:: Records provided

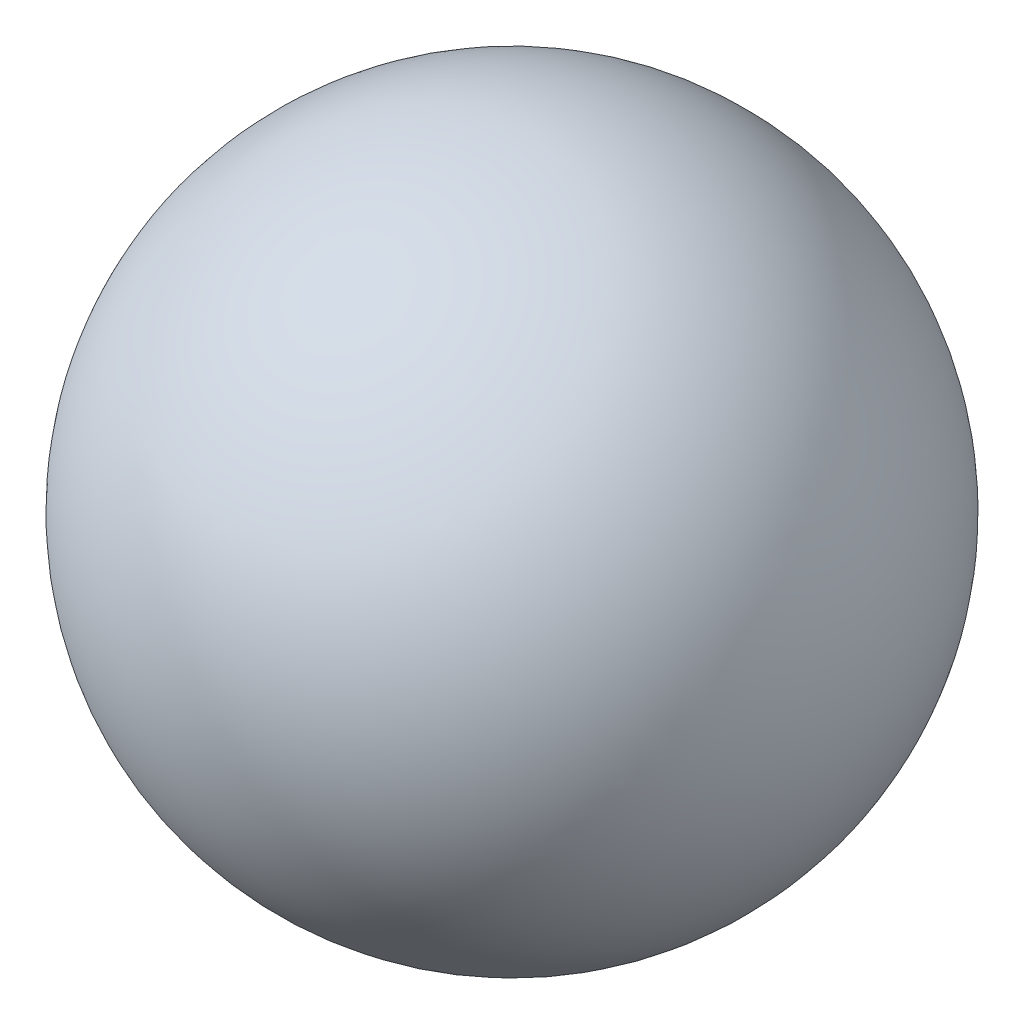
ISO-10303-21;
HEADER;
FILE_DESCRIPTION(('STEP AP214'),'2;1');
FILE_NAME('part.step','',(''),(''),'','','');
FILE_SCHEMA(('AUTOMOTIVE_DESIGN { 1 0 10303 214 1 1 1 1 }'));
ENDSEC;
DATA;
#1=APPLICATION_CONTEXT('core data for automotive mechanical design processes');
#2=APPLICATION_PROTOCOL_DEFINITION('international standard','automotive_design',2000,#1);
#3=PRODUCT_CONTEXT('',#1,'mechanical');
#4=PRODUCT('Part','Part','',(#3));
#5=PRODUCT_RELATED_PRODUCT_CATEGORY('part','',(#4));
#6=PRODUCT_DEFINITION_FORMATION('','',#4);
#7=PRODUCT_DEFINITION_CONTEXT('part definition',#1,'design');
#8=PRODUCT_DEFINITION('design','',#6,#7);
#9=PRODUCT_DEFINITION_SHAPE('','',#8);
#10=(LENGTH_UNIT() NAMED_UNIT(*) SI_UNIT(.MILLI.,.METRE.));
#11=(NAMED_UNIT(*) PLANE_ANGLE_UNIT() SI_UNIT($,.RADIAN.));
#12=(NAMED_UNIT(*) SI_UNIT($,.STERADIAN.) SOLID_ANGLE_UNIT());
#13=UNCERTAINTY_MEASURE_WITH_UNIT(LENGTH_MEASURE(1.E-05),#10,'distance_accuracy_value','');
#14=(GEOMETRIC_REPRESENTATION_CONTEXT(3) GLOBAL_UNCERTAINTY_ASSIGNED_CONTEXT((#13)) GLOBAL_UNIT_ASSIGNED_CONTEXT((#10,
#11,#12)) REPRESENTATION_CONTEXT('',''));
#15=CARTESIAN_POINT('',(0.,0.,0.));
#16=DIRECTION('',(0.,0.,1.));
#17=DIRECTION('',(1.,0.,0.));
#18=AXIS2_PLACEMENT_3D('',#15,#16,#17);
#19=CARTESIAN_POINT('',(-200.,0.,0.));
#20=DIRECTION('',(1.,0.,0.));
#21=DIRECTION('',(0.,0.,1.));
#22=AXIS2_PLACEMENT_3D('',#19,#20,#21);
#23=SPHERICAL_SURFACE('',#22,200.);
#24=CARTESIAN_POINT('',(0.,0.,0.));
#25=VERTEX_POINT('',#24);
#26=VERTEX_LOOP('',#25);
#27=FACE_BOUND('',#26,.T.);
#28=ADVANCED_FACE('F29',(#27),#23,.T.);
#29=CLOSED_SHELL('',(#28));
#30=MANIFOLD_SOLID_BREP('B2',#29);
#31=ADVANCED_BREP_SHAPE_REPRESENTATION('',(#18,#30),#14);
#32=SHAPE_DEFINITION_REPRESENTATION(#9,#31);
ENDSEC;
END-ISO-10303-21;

::::

• _Action item_
Exclude the pictures. Write out the remaining data exactly.

• _Solved problem_
ISO-10303-21;
HEADER;
FILE_DESCRIPTION(('STEP AP214'),'2;1');
FILE_NAME('part.step','',(''),(''),'','','');
FILE_SCHEMA(('AUTOMOTIVE_DESIGN { 1 0 10303 214 1 1 1 1 }'));
ENDSEC;
DATA;
#1=APPLICATION_CONTEXT('core data for automotive mechanical design processes');
#2=APPLICATION_PROTOCOL_DEFINITION('international standard','automotive_design',2000,#1);
#3=PRODUCT_CONTEXT('',#1,'mechanical');
#4=PRODUCT('Part','Part','',(#3));
#5=PRODUCT_RELATED_PRODUCT_CATEGORY('part','',(#4));
#6=PRODUCT_DEFINITION_FORMATION('','',#4);
#7=PRODUCT_DEFINITION_CONTEXT('part definition',#1,'design');
#8=PRODUCT_DEFINITION('design','',#6,#7);
#9=PRODUCT_DEFINITION_SHAPE('','',#8);
#10=(LENGTH_UNIT() NAMED_UNIT(*) SI_UNIT(.MILLI.,.METRE.));
#11=(NAMED_UNIT(*) PLANE_ANGLE_UNIT() SI_UNIT($,.RADIAN.));
#12=(NAMED_UNIT(*) SI_UNIT($,.STERADIAN.) SOLID_ANGLE_UNIT());
#13=UNCERTAINTY_MEASURE_WITH_UNIT(LENGTH_MEASURE(1.E-05),#10,'distance_accuracy_value','');
#14=(GEOMETRIC_REPRESENTATION_CONTEXT(3) GLOBAL_UNCERTAINTY_ASSIGNED_CONTEXT((#13)) GLOBAL_UNIT_ASSIGNED_CONTEXT((#10,
#11,#12)) REPRESENTATION_CONTEXT('',''));
#15=CARTESIAN_POINT('',(0.,0.,0.));
#16=DIRECTION('',(0.,0.,1.));
#17=DIRECTION('',(1.,0.,0.));
#18=AXIS2_PLACEMENT_3D('',#15,#16,#17);
#19=CARTESIAN_POINT('',(-200.,0.,0.));
#20=DIRECTION('',(1.,0.,0.));
#21=DIRECTION('',(0.,0.,1.));
#22=AXIS2_PLACEMENT_3D('',#19,#20,#21);
#23=SPHERICAL_SURFACE('',#22,200.);
#24=CARTESIAN_POINT('',(0.,0.,0.));
#25=VERTEX_POINT('',#24);
#26=VERTEX_LOOP('',#25);
#27=FACE_BOUND('',#26,.T.);
#28=ADVANCED_FACE('F29',(#27),#23,.T.);
#29=CLOSED_SHELL('',(#28));
#30=MANIFOLD_SOLID_BREP('B2',#29);
#31=ADVANCED_BREP_SHAPE_REPRESENTATION('',(#18,#30),#14);
#32=SHAPE_DEFINITION_REPRESENTATION(#9,#31);
ENDSEC;
END-ISO-10303-21;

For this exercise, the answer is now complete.